View Source GoogleApi.ContentWarehouse.V1.Model.RepositoryWebrefDocumentMetadata (google_api_content_warehouse v0.4.0)

Information about the document which is not produced by webref, typically copied from the docjoin. Next available tag: 15

Attributes

  • crawlTime (type: String.t, default: nil) - The timestamp of when the document was crawled (if known). Copied from CompositeDoc.Content.CrawlTime.
  • docFp (type: String.t, default: nil) - Fingerprint of the document. We compute and set this fingerprint when creating the pagesets that we use for evals. Otherwise, this field is not normally set. We use the field to make sure that the human ratings that we have are generated for the same version of the document, otherwise they might be invalid. We do not compute the fingerprint on the fly (e.g. as a fingerprint of the proto buffer serialization of the cdoc) because protocol buffer serialization is not stable.
  • docId (type: String.t, default: nil) - DocId of the annotated document as read from cdoc.doc().docid().
  • forwardingUrls (type: GoogleApi.ContentWarehouse.V1.Model.RepositoryWebrefForwardingUrls.t, default: nil) - Urls that forward to this url. Needed for url -> topical entity entries.
  • isDisambiguationPage (type: boolean(), default: nil) - Set to true if the document is a known disambiguation page, e.g. https://en.wikipedia.org/wiki/Orange.
  • language (type: String.t, default: nil) - The document language, as read from doc().content().language().

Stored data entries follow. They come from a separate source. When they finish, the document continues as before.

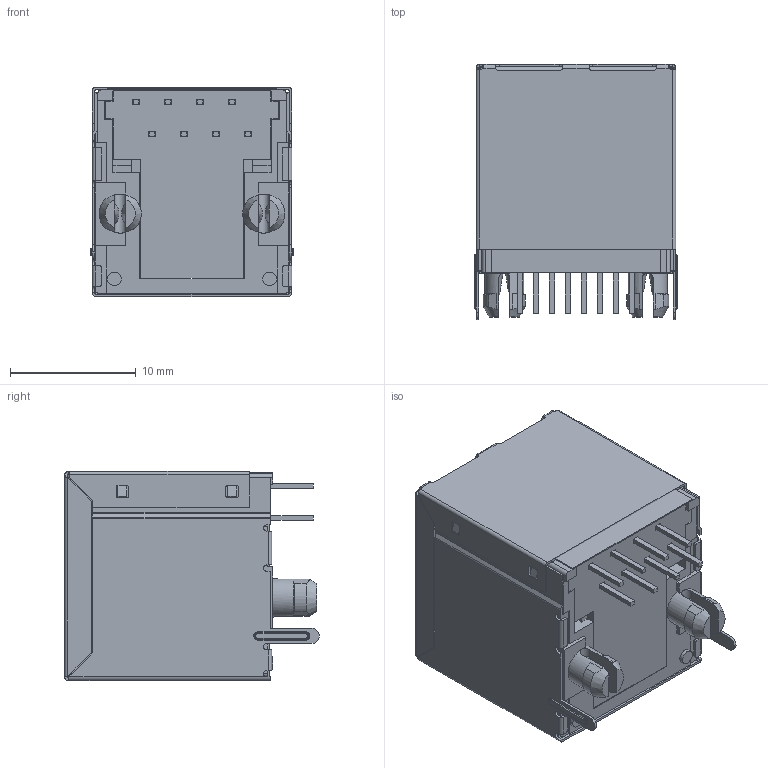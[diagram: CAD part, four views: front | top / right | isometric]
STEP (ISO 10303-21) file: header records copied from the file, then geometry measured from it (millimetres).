
FILE_DESCRIPTION (( 'STEP AP203' ), '1' );
FILE_NAME ('RJ2L018831P00831.STEP', '2019-12-16T14:17:14', ( '' ), ( '' ), 'SwSTEP 2.0', 'SolidWorks 2016', '' );
FILE_SCHEMA (( 'CONFIG_CONTROL_DESIGN' ));
Length unit declared in the file: millimetre
Products named in the file (6): 2L Insulator; 2L Mylar Tape; RJ2L018831P00831; 2L Contacts; 2L Contact Lock; 2L Shield
Assembly tree (5 placements, depth 2):
  RJ2L018831P00831
    2L Insulator
    2L Contacts
    2L Contact Lock
    2L Mylar Tape
    2L Shield
Bounding box: 16.2 x 20.3 x 16.65 mm (x, y, z)
Volume: 2735.3 mm3; surface area: 6842.7 mm2
Topology: 12 solids, 12 shells, 1131 faces, 3180 edges, 2051 vertices
Faces by surface type: plane 784, cylinder 284, bspline 55, cone 8
Entity records: 38238 total; most frequent: CARTESIAN_POINT 9139, ORIENTED_EDGE 6344, DIRECTION 5349, EDGE_CURVE 3172, LINE 2455, VECTOR 2455, VERTEX_POINT 2051, AXIS2_PLACEMENT_3D 1447

This is go/language-enum value.
  • numIncomingAnchors (type: number(), default: nil) - The (weighted) number of incoming anchors (links from other documents).
  • salientTerms (type: GoogleApi.ContentWarehouse.V1.Model.QualitySalientTermsSalientTermSet.t, default: nil) - The salient terms for this document. Only set if --webref_doc_metadata_copy_salient_terms is true. Same motivation as the title field above.
  • title (type: String.t, default: nil) - The title of the document. Only set if --webref_doc_metadata_set_title is true. The idea is that we can use this to more easily learn things like: title contains "restaurants" -> more likely to be a list page.
  • totalClicks (type: number(), default: nil) - The total clicks on this document, taken from navboost data.
  • url (type: String.t, default: nil) - The url of the document.

Summary

Functions

Unwrap a decoded JSON object into its complex fields.

Types

@type t() :: %GoogleApi.ContentWarehouse.V1.Model.RepositoryWebrefDocumentMetadata{
  crawlTime: String.t() | nil,
  docFp: String.t() | nil,
  docId: String.t() | nil,
  forwardingUrls:
    GoogleApi.ContentWarehouse.V1.Model.RepositoryWebrefForwardingUrls.t() | nil,
  isDisambiguationPage: boolean() | nil,
  language: String.t() | nil,
  numIncomingAnchors: number() | nil,
  salientTerms:
    GoogleApi.ContentWarehouse.V1.Model.QualitySalientTermsSalientTermSet.t()
    | nil,
  title: String.t() | nil,
  totalClicks: number() | nil,
  url: String.t() | nil
}

Functions

@spec decode(struct(), keyword()) :: struct()

Unwrap a decoded JSON object into its complex fields.